ACCESS_TYPE_VIRT_READ

nvvs also triggers faults on this card:

NVRM: Xid (PCI:0000:f1:00): 31, pid=10994, name=nvvs, MMU Fault: ENGINE GRAPHICS GPC11 GPCCLIENT_T1_3

NVRM: Xid (PCI:0000:f1:00): 31, pid=11490, name=nvvs, MMU Fault: ENGINE GRAPHICS GPC11 GPCCLIENT_T1_1

NVRM: Xid (PCI:0000:f1:00): 31, pid=12164, name=nvvs, MMU Fault: ENGINE GRAPHICS GPC8 GPCCLIENT_T1_1

nvidia-smi (healthy GPU running fine, faulty GPU idle):

±----------------------------------------------------------------------------------------+

| NVIDIA-SMI 590.48.01 Driver Version: 590.48.01 CUDA Version: 13.1 |

±----------------------------------------±-----------------------±---------------------+

| GPU Name Persistence-M | Bus-Id Disp.A | Volatile Uncorr.
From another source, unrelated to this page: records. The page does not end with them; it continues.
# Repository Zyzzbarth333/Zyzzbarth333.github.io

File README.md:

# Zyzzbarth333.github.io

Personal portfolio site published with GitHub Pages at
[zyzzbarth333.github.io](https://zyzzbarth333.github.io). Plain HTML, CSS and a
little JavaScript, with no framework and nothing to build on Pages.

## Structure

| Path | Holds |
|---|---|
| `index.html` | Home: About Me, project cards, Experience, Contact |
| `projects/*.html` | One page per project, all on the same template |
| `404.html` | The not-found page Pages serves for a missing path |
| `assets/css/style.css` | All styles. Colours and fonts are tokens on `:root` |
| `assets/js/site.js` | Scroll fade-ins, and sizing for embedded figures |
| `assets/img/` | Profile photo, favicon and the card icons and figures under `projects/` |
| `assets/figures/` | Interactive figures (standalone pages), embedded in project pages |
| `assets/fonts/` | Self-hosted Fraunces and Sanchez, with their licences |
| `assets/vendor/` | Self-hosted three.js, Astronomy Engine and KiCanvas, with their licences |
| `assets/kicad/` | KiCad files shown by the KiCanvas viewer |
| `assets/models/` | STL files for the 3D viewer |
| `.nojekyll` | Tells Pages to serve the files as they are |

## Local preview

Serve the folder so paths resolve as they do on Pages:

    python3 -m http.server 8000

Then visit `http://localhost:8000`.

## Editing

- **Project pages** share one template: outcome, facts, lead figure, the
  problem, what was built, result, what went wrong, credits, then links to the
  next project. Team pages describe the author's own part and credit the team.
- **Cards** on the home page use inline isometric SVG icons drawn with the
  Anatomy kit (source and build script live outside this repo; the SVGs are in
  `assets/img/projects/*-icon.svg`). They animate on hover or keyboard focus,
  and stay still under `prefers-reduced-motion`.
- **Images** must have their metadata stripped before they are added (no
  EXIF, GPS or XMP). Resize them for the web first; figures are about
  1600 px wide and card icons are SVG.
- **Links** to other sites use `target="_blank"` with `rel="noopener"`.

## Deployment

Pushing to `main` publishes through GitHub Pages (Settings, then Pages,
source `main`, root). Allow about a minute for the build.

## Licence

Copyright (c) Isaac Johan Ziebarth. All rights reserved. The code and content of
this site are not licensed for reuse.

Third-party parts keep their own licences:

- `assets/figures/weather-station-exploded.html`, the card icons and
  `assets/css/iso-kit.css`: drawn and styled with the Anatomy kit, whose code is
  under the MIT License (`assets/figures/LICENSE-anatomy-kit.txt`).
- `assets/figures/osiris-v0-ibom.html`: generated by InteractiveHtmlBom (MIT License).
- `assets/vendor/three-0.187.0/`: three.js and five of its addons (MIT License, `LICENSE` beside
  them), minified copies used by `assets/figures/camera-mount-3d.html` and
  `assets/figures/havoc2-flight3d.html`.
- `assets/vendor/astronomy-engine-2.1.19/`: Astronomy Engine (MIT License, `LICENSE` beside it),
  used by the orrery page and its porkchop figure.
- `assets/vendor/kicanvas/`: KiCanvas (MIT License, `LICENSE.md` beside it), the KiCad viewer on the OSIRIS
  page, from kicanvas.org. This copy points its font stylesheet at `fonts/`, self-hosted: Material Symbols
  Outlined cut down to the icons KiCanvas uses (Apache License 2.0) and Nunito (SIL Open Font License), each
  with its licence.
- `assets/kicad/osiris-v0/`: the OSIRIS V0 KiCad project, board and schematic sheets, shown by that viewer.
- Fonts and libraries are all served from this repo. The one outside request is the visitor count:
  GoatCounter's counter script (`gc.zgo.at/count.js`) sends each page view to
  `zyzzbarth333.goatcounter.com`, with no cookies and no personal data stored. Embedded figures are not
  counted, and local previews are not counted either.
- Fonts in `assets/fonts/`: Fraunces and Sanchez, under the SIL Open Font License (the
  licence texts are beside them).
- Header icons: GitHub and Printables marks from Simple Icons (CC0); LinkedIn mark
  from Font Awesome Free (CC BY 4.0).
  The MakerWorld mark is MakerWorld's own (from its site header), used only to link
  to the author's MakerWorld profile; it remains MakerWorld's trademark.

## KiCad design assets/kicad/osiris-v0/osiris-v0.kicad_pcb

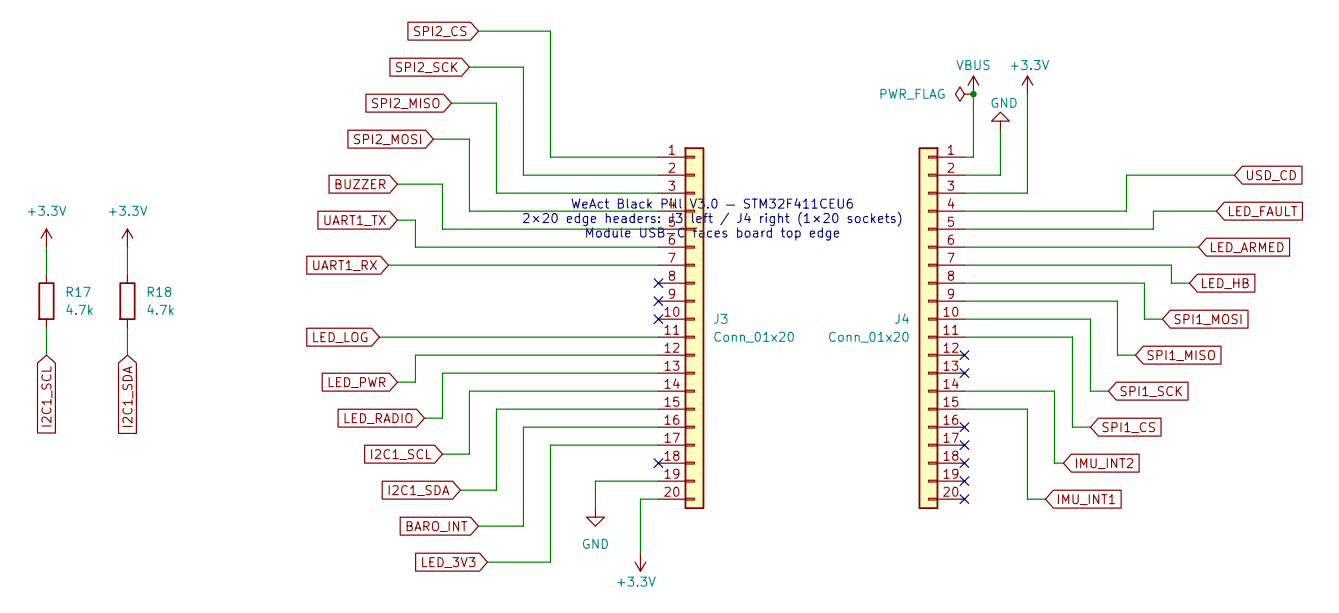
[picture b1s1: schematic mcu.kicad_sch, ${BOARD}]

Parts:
J3, J4: Conn_01x20; PinSocket_1x20_P2.54mm_Vertical
R17, R18: 4.7k; R_0603_1608Metric_Pad0.98x0.95mm_HandSolder

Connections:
+3.3V: J3.20, J4.3, R17.1, R18.1; also elsewhere on the board
BARO_INT: J3.16; also elsewhere on the board
BUZZER: J3.5; also elsewhere on the board
GND: J3.19, J4.2; also elsewhere on the board
I2C1_SCL: J3.14, R17.2; also elsewhere on the board
I2C1_SDA: J3.15, R18.2; also elsewhere on the board
IMU_INT1: J4.15; also elsewhere on the board
IMU_INT2: J4.14; also elsewhere on the board
LED_3V3: J3.17; also elsewhere on the board
LED_ARMED: J4.6; also elsewhere on the board
LED_FAULT: J4.5; also elsewhere on the board
LED_HB: J4.7; also elsewhere on the board
LED_LOG: J3.11; also elsewhere on the board
LED_PWR: J3.12; also elsewhere on the board
LED_RADIO: J3.13; also elsewhere on the board
SPI1_CS: J4.11; also elsewhere on the board
SPI1_MISO: J4.9; also elsewhere on the board
SPI1_MOSI: J4.8; also elsewhere on the board
SPI1_SCK: J4.10; also elsewhere on the board
SPI2_CS: J3.1; also elsewhere on the board
SPI2_MISO: J3.3; also elsewhere on the board
SPI2_MOSI: J3.4; also elsewhere on the board
SPI2_SCK: J3.2; also elsewhere on the board
UART1_RX: J3.7; also elsewhere on the board
UART1_TX: J3.6; also elsewhere on the board
USD_CD: J4.4; also elsewhere on the board
VBUS: J4.1; also elsewhere on the board

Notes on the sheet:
WeAct Black Pill V3.0 — STM32F411CEU6 2×20 edge headers: J3 left / J4 right (1×20 sockets) Module USB-C faces board top edge

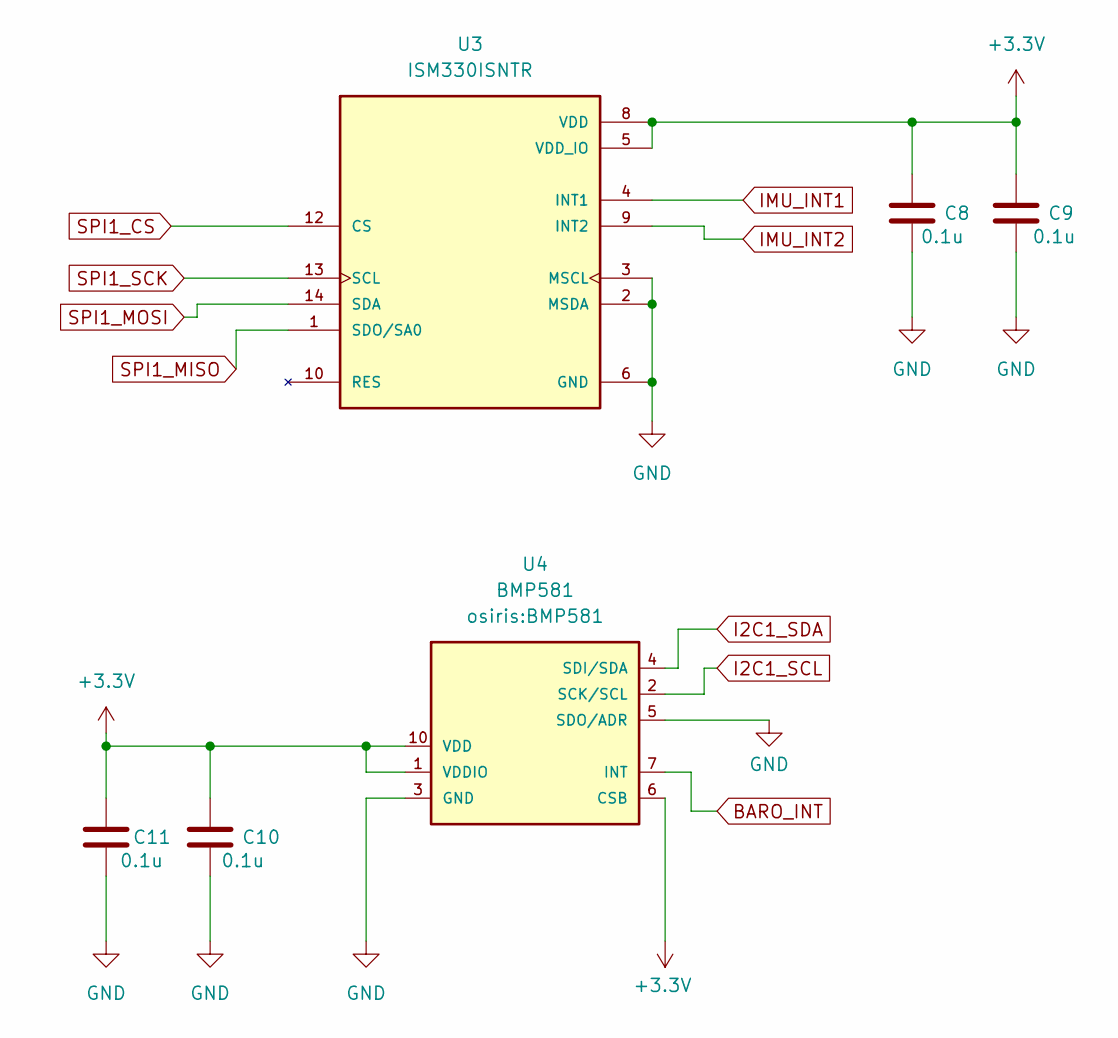
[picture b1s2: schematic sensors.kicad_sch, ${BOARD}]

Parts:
C8, C9, C10, C11: 0.1u; C_0603_1608Metric_Pad1.08x0.95mm_HandSolder
U3: ISM330ISNTR; LGA-14L_2P59X3P1X0P5_STM-M; PARTREV 2
U4: BMP581; MPN BMP581

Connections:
+3.3V: C8.1, C9.1, C10.1, C11.1, U3.5 (VDD_IO), U3.8 (VDD), U4.1 (VDDIO), U4.6 (CSB), U4.10 (VDD); also elsewhere on the board
BARO_INT: U4.7 (INT); also elsewhere on the board
GND: C8.2, C9.2, C10.2, C11.2, U3.2 (MSDA), U3.3 (MSCL), U3.6 (GND), U3.7 (GND), U4.3 (GND), U4.5 (SDO/ADR), U4.8 (GND), U4.9 (GND); also elsewhere on the board
I2C1_SCL: U4.2 (SCK/SCL); also elsewhere on the board
I2C1_SDA: U4.4 (SDI/SDA); also elsewhere on the board
IMU_INT1: U3.4 (INT1); also elsewhere on the board
IMU_INT2: U3.9 (INT2); also elsewhere on the board
SPI1_CS: U3.12 (CS); also elsewhere on the board
SPI1_MISO: U3.1 (SDO/SA0); also elsewhere on the board
SPI1_MOSI: U3.14 (SDA); also elsewhere on the board
SPI1_SCK: U3.13 (SCL); also elsewhere on the board

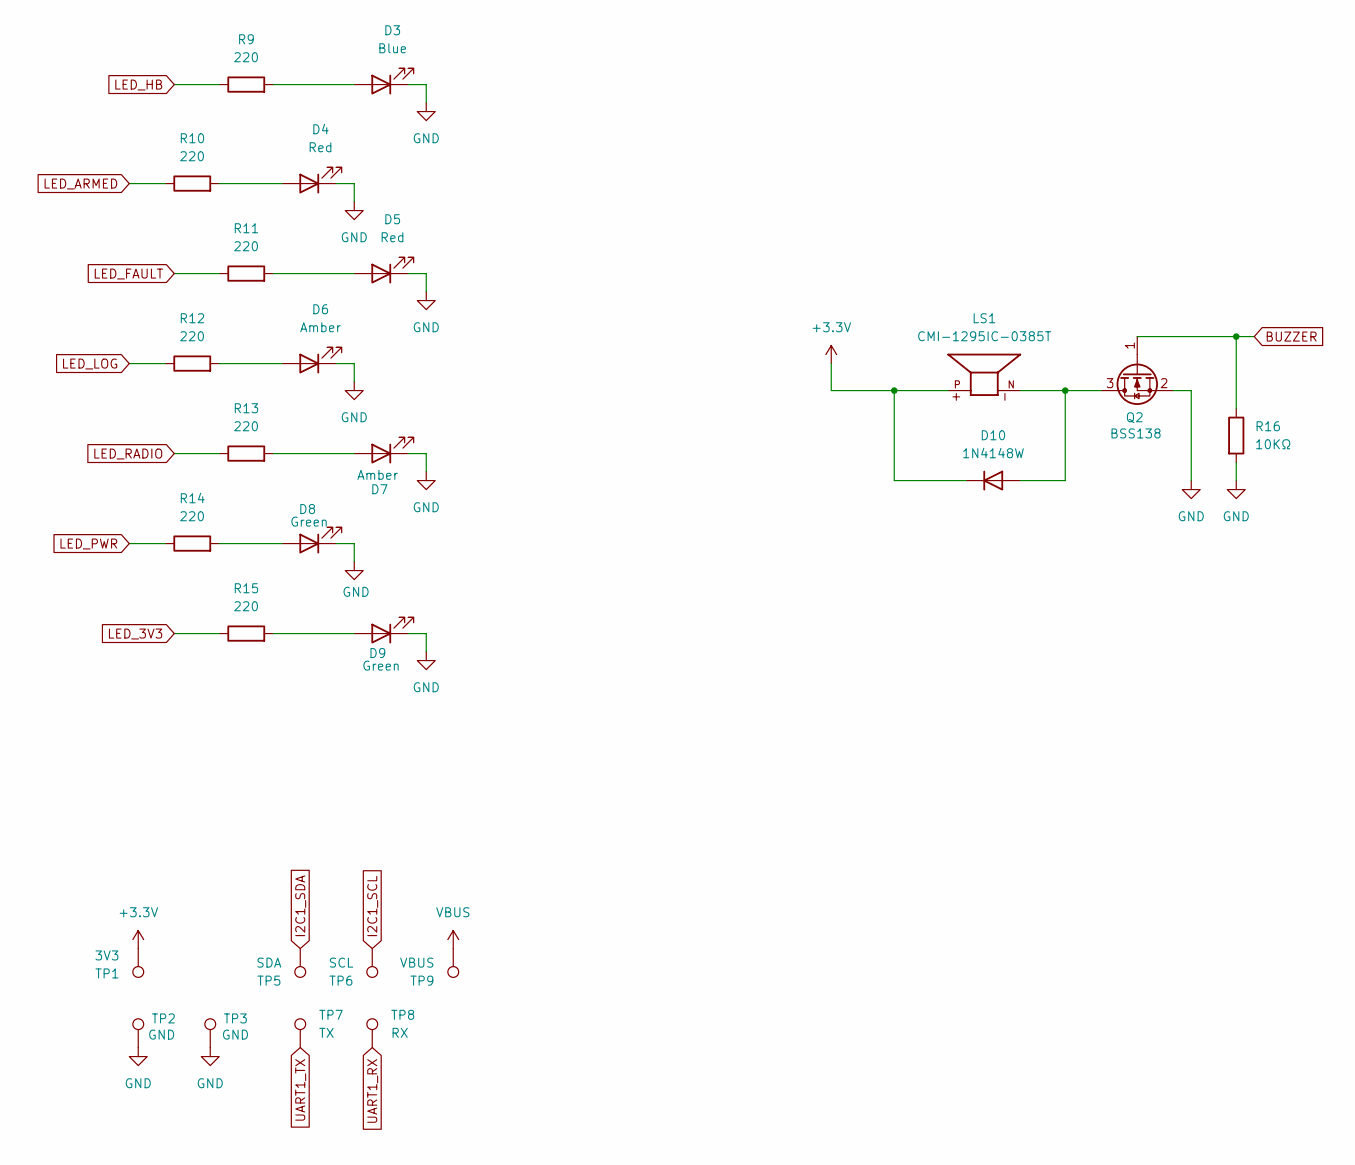
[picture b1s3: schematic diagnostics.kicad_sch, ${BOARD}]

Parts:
D3: Blue; LED_0603_1608Metric_Pad1.05x0.95mm_HandSolder; MPN LTST-C190TBKT
D4, D5: Red; LED_0603_1608Metric_Pad1.05x0.95mm_HandSolder; MPN LTST-C190KRKT
D6, D7: Amber; LED_0603_1608Metric_Pad1.05x0.95mm_HandSolder; MPN LTST-C190AKT
D8, D9: Green; LED_0603_1608Metric_Pad1.05x0.95mm_HandSolder; MPN LTST-C190KGKT
D10: 1N4148W; D_SOD-123
LS1: CMI-1295IC-0385T; CUI_CMI-1295IC-0385T; PARTREV 1.0
Q2: BSS138; SOT-23
R9, R10, R11, R12, R13, R14, R15: 220; R_0603_1608Metric_Pad0.98x0.95mm_HandSolder
R16: 10KΩ; R_0603_1608Metric_Pad0.98x0.95mm_HandSolder
TP1: 3V3; TestPoint_Pad_D1.5mm
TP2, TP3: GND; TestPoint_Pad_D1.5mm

ECC |

|=========================================+========================+======================|

| 0 NVIDIA RTX PRO 6000 Blac… Off | 00000000:C1:00.0 Off | Off |

| 59% 83C P1 300W / 300W | 92974MiB / 97887MiB | 98% Default |

±----------------------------------------±-----------------------±---------------------+

| 1 NVIDIA RTX PRO 6000 Blac… Off | 00000000:E1:00.0 Off | Off |

| 30% 31C P8 9W / 300W | 2MiB / 97887MiB | 0% Default |

±----------------------------------------±-----------------------±---------------------+

I’m experiencing an identical issue, although I’m on ubuntu 24.04 and have just a single rtx pro 6000 card, I have the same mobo. Did you manage to resolve it? Was it a hardware fault?